When we sought a meeting with Hon Dr. Ramesh Pathirana, Minister of Health, he graciously cleared his busy schedule to accommodate us. Renowned for his attentive listening and deep understanding, Minister Pathirana is dedicated to advancing the health sector. His openness and transparency exemplify the qualities of an exemplary politician and minister.

Dr. Palitha Mahipala, the current Health Secretary, demonstrates both commendable enthusiasm and unwavering support. This combination of attributes makes him a highly compatible colleague for the esteemed Minister of Health.

Our discussion centered on a project that has been in the works for the past 30 years, one that no other minister had managed to advance.

Minister Pathirana, however, recognized the project’s significance and its potential to revolutionize care for heart patients.

The project involves the construction of a state-of-the-art facility at the premises of the National Hospital Colombo. The project’s location within the premises of the National Hospital underscores its importance and relevance to the healthcare infrastructure of the nation.
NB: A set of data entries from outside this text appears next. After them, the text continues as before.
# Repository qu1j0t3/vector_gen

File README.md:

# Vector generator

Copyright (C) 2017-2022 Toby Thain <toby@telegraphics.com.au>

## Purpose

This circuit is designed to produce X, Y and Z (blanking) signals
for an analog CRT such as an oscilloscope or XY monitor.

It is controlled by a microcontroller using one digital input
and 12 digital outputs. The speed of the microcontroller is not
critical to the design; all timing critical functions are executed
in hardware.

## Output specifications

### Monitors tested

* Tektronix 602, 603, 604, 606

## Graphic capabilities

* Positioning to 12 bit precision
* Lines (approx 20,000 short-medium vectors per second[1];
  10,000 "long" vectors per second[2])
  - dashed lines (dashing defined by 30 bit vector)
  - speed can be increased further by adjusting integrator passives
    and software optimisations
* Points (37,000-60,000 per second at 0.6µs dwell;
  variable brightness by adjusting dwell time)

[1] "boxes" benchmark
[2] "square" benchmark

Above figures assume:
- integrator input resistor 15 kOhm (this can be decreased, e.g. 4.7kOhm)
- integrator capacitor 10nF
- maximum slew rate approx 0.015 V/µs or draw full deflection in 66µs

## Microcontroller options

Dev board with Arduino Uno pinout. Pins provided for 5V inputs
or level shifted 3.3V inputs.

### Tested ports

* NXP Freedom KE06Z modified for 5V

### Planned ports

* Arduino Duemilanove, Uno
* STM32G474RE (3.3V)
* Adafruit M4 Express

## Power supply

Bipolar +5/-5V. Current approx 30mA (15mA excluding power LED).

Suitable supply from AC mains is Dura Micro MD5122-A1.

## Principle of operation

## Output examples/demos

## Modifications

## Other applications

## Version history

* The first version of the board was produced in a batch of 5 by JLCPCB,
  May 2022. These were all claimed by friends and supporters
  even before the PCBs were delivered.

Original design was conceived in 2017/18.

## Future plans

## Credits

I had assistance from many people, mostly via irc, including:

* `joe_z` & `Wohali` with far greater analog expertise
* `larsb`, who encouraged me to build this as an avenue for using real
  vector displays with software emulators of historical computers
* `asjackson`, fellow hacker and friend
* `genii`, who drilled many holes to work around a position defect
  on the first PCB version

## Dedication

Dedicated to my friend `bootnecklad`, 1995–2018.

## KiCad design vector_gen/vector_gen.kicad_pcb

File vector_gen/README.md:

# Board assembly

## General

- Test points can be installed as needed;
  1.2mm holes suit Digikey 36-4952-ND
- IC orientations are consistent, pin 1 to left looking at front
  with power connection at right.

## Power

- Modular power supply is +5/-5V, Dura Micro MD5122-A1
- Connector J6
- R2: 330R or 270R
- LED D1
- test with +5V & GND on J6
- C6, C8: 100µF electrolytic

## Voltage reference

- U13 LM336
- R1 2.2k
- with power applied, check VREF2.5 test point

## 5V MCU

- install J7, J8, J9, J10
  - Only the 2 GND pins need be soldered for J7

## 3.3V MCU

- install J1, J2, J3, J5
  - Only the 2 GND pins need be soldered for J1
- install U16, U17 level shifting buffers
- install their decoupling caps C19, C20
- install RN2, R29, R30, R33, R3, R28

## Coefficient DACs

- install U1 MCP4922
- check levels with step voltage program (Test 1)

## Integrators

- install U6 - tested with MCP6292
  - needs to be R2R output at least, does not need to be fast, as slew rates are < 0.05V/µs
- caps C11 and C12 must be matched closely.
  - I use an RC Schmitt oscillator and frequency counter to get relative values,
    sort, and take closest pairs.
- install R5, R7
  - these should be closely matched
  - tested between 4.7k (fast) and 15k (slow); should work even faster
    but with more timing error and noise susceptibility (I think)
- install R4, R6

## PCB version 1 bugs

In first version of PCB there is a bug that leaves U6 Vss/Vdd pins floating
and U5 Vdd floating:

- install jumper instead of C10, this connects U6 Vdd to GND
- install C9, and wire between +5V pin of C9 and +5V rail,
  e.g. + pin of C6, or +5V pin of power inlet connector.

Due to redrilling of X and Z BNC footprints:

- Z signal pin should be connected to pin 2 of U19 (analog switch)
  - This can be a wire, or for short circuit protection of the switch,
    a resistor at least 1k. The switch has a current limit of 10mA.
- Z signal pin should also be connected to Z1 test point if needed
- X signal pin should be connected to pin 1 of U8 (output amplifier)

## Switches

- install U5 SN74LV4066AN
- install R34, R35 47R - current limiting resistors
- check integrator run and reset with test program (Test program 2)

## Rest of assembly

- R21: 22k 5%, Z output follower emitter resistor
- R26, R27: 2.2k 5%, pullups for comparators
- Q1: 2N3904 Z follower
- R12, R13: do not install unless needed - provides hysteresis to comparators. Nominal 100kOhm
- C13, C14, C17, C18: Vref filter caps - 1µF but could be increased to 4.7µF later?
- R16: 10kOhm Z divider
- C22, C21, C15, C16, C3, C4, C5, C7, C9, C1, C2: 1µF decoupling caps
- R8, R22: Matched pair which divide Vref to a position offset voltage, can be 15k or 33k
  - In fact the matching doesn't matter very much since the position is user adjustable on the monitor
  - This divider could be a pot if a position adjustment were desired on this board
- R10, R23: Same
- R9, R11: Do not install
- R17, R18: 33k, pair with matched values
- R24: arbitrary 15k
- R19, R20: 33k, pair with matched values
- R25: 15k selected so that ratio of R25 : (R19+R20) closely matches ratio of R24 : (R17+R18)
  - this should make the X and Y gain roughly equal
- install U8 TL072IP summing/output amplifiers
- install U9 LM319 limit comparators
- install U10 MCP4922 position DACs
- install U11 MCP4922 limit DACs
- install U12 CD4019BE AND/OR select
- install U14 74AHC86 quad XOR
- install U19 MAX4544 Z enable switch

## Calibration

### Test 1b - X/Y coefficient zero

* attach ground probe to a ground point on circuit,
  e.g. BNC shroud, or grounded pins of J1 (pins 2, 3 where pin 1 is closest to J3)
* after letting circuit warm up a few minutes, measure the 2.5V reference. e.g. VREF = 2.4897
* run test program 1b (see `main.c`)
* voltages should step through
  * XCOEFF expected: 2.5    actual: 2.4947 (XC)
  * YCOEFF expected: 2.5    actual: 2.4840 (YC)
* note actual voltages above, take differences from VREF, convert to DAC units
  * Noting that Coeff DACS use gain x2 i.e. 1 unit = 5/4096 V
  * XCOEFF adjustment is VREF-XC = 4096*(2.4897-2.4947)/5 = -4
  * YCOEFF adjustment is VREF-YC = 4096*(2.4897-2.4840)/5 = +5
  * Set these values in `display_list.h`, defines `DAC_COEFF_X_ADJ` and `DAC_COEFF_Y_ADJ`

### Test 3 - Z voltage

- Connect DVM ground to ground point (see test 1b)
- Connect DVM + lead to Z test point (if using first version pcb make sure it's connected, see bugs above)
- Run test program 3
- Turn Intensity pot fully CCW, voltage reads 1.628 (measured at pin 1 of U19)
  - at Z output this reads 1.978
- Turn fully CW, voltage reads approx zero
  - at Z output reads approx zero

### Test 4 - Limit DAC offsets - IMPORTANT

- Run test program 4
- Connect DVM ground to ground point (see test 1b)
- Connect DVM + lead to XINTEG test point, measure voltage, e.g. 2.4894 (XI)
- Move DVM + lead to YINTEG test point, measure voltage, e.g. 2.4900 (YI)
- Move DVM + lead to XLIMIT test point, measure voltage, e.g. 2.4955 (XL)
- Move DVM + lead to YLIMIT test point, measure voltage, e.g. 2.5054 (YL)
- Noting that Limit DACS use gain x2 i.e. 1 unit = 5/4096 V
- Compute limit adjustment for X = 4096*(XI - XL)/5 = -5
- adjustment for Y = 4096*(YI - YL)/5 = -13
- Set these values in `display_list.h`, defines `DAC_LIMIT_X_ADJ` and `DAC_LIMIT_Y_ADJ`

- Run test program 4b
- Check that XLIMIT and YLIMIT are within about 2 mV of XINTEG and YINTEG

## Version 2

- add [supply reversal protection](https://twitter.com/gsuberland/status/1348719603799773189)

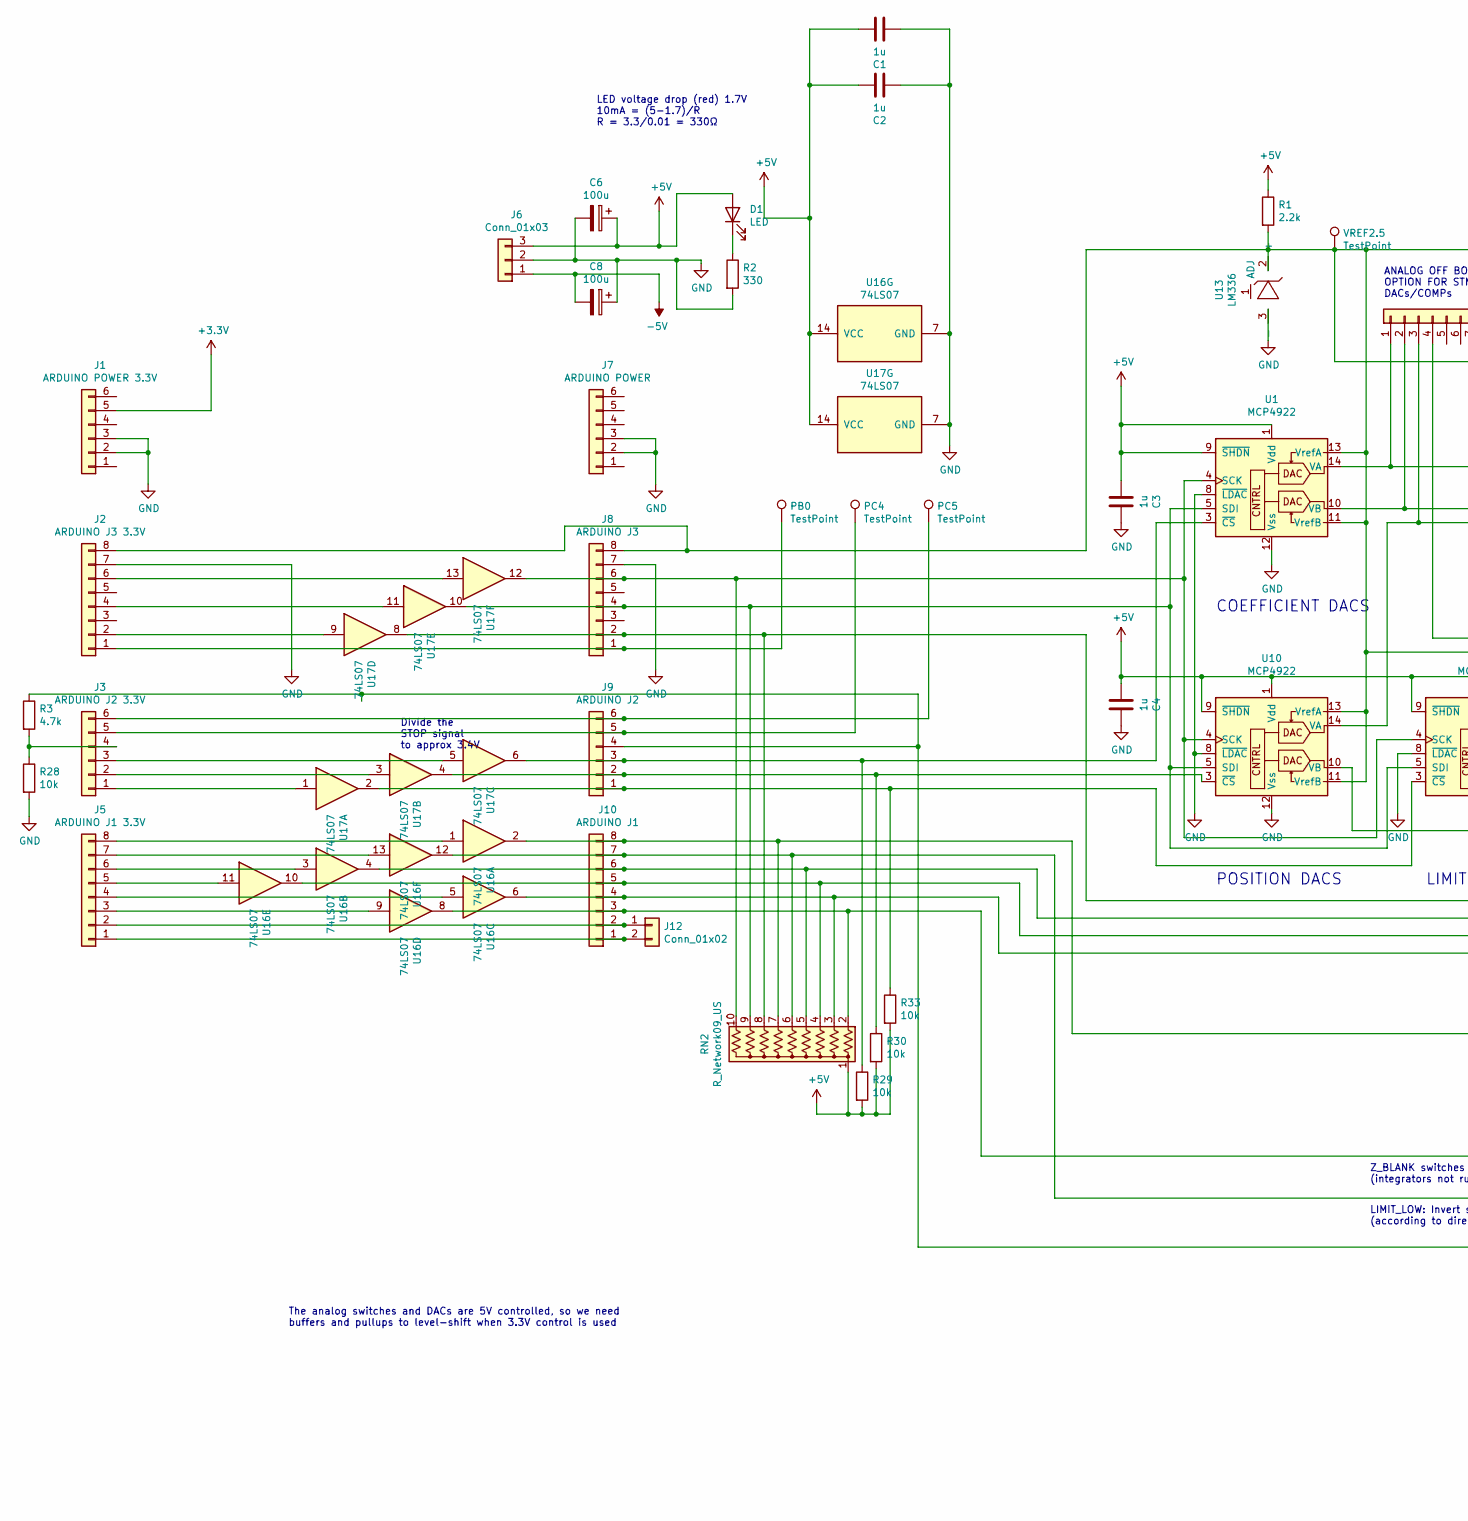
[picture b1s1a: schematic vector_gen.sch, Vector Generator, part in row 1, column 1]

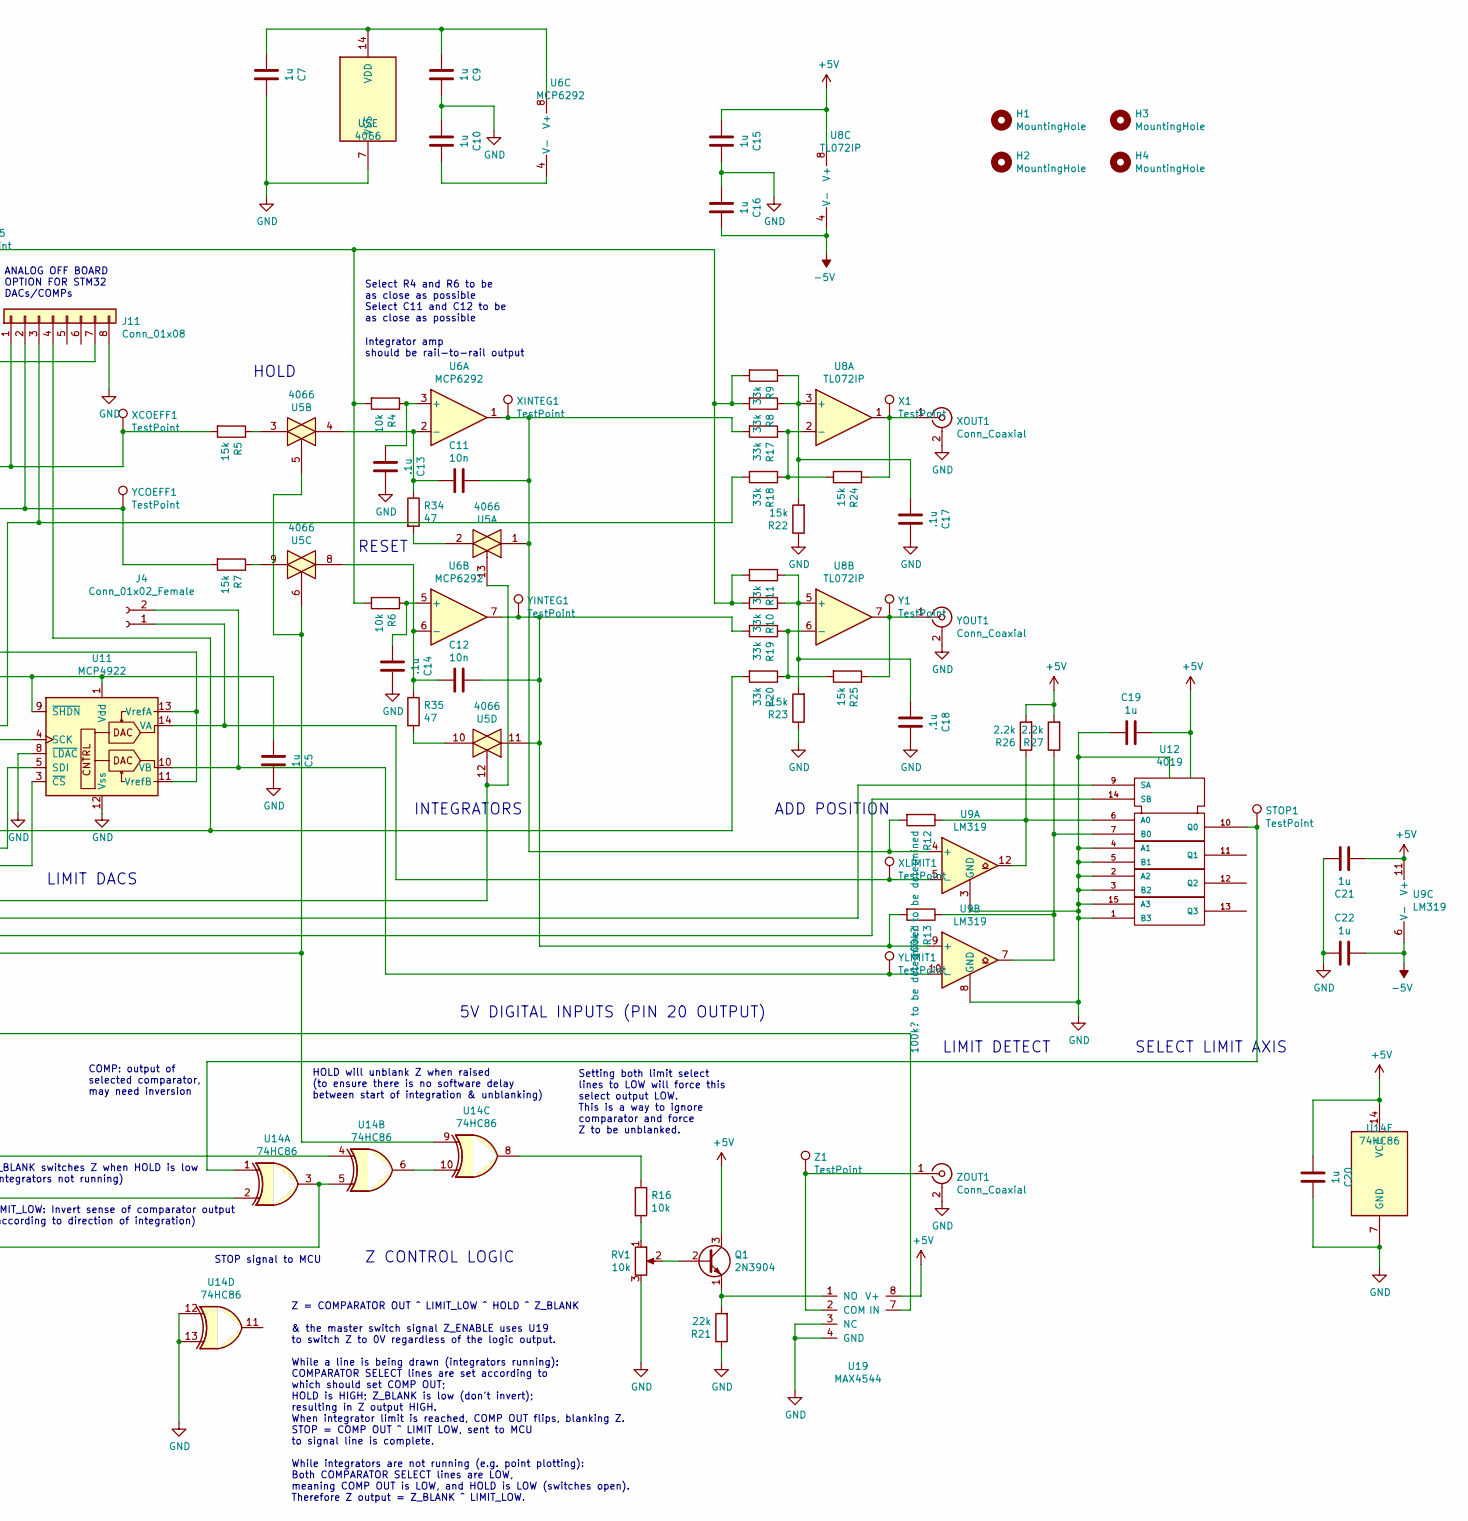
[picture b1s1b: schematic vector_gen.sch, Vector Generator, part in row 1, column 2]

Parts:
C1, C2, C3, C4, C5, C7, C9, C10, C15, C16, C19, C20, C21, C22: 1u; C_Disc_D5.0mm_W2.5mm_P2.50mm
C6, C8: 100u; CP_Radial_D6.3mm_P2.50mm
C11, C12: 10n; C_Rect_L7.0mm_W2.5mm_P5.00mm
C13, C14, C17, C18: .1u; C_Disc_D5.0mm_W2.5mm_P2.50mm
D1: LED; LED_D3.0mm
H1, H2, H3, H4: MountingHole; MountingHole_3.2mm_M3
J1: ARDUINO POWER 3.3V; PinHeader_1x06_P2.54mm_Vertical
J2: ARDUINO J3 3.3V; PinHeader_1x08_P2.54mm_Vertical
J3: ARDUINO J2 3.3V; PinHeader_1x06_P2.54mm_Vertical
J4: Conn_01x02_Female; PinHeader_1x02_P2.54mm_Vertical
J5: ARDUINO J1 3.3V; PinHeader_1x08_P2.54mm_Vertical
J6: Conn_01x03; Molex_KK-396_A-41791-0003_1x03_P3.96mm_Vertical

This facility will include a cardiology building and a tertiary care center, equipped with the latest technology to handle and treat all types of heart-related conditions and surgeries.

Securing funding was a major milestone for this initiative. Minister Pathirana successfully obtained approval for a $40 billion loan from the Asian Development Bank. With the funding in place, the foundation stone is scheduled to be laid in September this year, and construction will begin in January 2025.

This project guarantees a consistent and uninterrupted supply of stents and related medications for heart patients. As a result, patients will have timely access to essential medical supplies during their treatment and recovery. By securing these critical resources, the project aims to enhance patient outcomes, minimize treatment delays, and maintain the highest standards of cardiac care.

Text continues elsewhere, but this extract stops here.